Putin as former KGB man (you never leave really) has a brilliant understanding of the power of information and disinformation. Disseminating stories and leaks is much cheaper and easier than actually invading anywhere, as he has discovered. Three years ago, the Kremlin began a huge effort to increase its digital and media output. Russia Today, a TV station, was ramped up as the public face of Kremlin soft power. The intelligence services think that the hard component of that effort was a massive hacking and fake news operation run through surrogates, that may even have extended to direct Russian hacking of the Democrat and Republican parties. We’ve only seen the anti-Clinton stuff.
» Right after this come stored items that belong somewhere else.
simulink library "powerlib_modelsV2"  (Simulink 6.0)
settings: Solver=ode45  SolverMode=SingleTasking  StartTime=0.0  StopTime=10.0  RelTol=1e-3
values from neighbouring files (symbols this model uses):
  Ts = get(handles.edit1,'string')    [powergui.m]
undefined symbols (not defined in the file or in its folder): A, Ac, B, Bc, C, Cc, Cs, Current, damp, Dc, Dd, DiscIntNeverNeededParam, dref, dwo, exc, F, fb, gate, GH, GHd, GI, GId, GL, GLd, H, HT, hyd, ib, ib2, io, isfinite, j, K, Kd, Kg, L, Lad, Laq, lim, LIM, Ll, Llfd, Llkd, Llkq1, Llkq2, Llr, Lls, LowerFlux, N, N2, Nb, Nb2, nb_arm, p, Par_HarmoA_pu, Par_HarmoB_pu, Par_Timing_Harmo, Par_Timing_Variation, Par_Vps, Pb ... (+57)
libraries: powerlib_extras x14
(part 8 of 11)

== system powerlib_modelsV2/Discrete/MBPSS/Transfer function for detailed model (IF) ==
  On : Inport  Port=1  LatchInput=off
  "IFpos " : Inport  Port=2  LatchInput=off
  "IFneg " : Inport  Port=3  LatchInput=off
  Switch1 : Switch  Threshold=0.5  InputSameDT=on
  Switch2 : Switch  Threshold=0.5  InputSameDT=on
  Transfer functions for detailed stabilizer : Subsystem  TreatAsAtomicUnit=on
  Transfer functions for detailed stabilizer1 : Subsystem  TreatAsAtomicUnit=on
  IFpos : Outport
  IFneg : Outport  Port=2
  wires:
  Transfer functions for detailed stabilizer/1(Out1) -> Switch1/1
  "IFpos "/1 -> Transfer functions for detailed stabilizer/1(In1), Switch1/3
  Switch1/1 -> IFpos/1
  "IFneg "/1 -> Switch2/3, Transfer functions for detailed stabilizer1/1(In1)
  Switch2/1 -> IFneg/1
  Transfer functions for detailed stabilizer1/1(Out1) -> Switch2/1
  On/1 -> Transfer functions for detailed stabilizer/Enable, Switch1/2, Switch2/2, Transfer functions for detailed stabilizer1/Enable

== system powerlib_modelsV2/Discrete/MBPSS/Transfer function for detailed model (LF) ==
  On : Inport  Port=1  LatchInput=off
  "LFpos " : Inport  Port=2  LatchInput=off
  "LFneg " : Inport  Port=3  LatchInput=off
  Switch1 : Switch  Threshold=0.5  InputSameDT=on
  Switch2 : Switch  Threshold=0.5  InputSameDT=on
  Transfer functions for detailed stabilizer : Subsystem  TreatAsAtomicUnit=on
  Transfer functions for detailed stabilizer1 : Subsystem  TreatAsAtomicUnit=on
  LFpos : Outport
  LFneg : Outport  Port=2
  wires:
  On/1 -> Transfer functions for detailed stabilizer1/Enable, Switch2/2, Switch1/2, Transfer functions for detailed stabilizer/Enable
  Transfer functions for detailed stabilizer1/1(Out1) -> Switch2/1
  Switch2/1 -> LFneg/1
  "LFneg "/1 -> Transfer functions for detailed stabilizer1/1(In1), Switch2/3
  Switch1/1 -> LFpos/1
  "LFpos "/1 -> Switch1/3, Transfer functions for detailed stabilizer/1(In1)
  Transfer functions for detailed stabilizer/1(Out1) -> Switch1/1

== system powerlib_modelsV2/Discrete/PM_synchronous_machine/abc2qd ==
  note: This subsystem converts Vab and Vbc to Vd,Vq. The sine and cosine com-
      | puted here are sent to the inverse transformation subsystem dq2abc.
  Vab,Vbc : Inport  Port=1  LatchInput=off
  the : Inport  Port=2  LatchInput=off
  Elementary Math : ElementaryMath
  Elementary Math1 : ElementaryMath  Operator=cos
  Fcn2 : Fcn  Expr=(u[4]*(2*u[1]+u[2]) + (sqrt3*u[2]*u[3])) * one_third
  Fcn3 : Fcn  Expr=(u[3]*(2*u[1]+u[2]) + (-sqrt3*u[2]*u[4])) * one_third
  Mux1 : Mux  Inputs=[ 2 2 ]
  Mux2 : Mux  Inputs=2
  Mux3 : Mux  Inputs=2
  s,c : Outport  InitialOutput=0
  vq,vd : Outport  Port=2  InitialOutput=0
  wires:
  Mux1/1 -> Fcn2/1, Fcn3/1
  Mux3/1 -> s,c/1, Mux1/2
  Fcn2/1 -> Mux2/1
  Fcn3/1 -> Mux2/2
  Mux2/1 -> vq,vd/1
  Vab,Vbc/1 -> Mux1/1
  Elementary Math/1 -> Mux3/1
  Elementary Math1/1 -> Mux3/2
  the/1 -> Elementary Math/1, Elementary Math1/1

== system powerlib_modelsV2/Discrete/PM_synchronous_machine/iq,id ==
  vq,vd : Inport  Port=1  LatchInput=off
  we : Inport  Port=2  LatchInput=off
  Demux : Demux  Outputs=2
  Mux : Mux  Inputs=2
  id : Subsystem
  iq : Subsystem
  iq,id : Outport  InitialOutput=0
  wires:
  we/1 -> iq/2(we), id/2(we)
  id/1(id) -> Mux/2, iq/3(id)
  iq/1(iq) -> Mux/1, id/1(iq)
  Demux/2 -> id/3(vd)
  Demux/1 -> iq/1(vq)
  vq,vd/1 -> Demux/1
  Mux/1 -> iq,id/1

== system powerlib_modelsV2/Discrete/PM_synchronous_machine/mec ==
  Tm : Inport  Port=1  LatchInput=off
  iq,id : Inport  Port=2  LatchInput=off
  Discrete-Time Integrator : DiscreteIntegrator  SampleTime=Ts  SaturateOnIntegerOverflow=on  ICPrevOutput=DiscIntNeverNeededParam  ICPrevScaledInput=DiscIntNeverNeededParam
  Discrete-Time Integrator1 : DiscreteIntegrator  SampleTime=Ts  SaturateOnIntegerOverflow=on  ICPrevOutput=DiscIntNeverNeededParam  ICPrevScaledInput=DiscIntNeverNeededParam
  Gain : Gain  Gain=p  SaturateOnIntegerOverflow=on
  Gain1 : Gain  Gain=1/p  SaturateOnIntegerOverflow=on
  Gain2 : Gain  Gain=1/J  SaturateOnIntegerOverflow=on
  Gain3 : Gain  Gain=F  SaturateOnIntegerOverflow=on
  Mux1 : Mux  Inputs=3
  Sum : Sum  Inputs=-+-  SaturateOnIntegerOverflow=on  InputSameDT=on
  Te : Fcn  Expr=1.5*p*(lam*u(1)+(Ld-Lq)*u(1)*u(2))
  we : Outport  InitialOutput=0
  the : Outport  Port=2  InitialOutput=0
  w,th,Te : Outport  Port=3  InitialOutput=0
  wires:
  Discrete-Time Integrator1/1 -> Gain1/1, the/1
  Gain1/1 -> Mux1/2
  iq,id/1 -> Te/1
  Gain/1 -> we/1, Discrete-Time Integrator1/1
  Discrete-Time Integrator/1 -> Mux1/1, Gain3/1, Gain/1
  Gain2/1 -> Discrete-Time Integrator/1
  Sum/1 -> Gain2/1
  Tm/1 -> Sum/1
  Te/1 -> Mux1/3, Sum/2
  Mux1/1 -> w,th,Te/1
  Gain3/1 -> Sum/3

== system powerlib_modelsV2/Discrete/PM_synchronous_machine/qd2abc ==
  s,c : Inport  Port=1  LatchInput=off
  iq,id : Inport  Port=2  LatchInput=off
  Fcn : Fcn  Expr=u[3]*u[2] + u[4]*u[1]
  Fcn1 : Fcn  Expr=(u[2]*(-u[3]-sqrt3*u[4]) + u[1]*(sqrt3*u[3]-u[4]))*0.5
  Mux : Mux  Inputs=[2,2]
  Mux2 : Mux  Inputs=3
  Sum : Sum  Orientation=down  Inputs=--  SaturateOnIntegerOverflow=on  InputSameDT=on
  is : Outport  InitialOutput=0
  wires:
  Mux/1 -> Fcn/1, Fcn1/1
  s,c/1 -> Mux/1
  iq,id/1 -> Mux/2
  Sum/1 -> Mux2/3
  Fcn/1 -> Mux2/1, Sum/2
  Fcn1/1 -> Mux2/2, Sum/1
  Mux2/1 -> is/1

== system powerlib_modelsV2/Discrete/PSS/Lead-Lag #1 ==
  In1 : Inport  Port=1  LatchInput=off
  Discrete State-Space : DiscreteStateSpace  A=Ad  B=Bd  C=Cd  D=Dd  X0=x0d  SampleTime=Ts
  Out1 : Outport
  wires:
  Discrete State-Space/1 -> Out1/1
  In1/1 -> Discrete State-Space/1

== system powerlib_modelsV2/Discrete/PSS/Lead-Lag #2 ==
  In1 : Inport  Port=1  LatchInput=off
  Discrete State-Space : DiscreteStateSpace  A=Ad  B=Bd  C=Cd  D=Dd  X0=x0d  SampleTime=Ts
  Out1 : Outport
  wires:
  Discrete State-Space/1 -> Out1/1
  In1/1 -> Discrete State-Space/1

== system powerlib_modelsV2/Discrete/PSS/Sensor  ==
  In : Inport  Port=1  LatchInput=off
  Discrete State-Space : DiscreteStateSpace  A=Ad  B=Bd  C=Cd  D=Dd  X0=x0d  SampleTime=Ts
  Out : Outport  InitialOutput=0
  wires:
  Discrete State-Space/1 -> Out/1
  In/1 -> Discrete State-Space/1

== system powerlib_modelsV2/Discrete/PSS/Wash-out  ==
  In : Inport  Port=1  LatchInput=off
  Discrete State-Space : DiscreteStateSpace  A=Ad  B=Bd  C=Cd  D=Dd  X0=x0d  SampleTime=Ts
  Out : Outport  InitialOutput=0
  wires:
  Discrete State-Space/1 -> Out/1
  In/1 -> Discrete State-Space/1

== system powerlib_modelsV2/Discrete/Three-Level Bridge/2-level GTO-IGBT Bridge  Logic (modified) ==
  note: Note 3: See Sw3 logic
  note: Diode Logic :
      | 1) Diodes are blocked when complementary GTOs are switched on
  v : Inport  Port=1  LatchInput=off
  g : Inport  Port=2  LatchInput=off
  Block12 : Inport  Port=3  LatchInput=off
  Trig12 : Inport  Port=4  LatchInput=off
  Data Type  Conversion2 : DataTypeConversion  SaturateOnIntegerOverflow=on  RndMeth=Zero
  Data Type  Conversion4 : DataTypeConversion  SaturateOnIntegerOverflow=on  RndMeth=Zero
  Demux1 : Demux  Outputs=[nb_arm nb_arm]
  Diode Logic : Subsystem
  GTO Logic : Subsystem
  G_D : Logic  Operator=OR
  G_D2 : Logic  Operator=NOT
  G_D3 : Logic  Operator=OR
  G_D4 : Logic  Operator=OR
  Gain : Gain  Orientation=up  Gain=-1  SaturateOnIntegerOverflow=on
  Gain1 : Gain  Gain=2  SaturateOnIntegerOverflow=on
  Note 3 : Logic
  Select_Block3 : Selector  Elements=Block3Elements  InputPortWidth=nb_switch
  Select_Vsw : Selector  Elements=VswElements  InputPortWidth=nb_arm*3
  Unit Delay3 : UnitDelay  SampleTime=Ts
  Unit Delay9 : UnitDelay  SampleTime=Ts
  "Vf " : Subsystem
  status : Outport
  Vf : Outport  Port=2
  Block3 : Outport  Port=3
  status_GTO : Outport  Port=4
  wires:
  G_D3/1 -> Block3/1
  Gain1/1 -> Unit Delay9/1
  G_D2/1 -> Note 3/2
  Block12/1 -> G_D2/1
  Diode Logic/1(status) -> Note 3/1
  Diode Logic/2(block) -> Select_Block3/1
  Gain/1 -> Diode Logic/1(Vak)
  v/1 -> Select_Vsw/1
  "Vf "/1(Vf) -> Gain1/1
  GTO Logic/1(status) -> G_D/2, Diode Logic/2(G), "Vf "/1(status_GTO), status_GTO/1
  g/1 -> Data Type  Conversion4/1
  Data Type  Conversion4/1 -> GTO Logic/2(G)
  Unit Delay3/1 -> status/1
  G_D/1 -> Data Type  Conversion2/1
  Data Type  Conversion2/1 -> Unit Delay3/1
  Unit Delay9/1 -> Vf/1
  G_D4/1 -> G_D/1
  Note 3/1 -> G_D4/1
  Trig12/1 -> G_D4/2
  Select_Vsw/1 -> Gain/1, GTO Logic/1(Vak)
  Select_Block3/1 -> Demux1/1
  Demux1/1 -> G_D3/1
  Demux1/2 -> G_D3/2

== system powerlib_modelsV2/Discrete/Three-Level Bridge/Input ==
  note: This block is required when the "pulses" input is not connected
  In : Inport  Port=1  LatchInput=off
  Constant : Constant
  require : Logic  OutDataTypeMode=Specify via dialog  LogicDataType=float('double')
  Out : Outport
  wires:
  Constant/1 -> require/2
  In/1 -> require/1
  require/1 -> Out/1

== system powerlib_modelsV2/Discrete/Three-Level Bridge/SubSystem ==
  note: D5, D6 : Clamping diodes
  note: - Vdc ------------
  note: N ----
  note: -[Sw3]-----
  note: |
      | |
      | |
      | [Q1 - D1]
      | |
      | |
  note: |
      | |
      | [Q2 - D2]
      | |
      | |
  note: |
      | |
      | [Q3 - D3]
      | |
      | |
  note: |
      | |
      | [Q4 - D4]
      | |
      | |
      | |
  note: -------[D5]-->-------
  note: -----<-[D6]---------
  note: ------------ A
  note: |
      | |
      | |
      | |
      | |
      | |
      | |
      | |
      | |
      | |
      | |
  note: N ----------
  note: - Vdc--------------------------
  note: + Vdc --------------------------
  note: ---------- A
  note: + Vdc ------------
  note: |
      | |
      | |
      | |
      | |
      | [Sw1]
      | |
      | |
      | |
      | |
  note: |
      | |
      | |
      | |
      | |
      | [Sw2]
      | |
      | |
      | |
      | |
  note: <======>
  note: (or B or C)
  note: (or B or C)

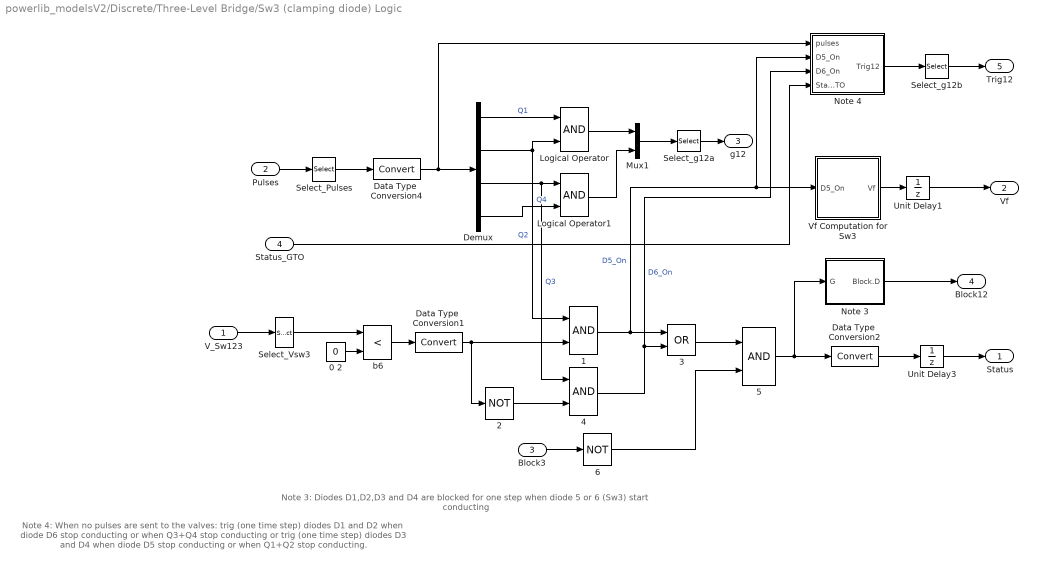
== system powerlib_modelsV2/Discrete/Three-Level Bridge/Sw3 (clamping diode) Logic ==
  note: Note 3: Diodes D1,D2,D3 and D4 are blocked for one step when diode 5 or 6 (Sw3) start conducting
  note: Note 4: When no pulses are sent to the valves:
      | trig (one time step) diodes D1 and D2 when diode D6 stop conducting or when Q3+Q4 stop conducting
      | or trig (one time step) diodes D3 and D4 when diode D5 stop conducting or when Q1+Q2 stop conducting.
  V_Sw123 : Inport  Port=1  LatchInput=off
  Pulses : Inport  Port=2  LatchInput=off
  Block3 : Inport  Port=3  LatchInput=off
  Status_GTO : Inport  Port=4  LatchInput=off
  0 2 : Constant  Value=0
  1 : Logic
  2 : Logic  Operator=NOT
  3 : Logic  Operator=OR
  4 : Logic
  5 : Logic
  6 : Logic  Operator=NOT
  Data Type  Conversion1 : DataTypeConversion  SaturateOnIntegerOverflow=on  RndMeth=Zero
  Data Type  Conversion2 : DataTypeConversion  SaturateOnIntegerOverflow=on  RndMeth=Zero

Assange from his Ecuadorian embassy eyrie says the leaks weren’t the Russians. Honestly, would you trust the guy even if he told you that it’s Christmas next week? And in a world that murky how would he know for sure?
Suddenly, having seen the results of Russia’s brilliant operation, even some of those who participated in the Wikileaks and Snowden carnival – by far the worst thing done by the British press since the Establishment stitch-up at the time of Profumo – are having second thoughts. Ian Katz, the editor of Newsnight and a former Guardian executive, presented a fair-minded report for his programme this week on the subject. It seems the Wikileaks/Snowden business might have given encouragement and inspiration to the Kremlin and other dark forces. I mean, who woulda thunk it?
The answer is: lots of us, at the time. Once again clever Russians have divided the West and turned our strength – our freedom – against us, by understanding that freedom does allow people in the West the license to make themselves useful as idiots, unwittingly or otherwise aiding those wanting to weaken us and do harm.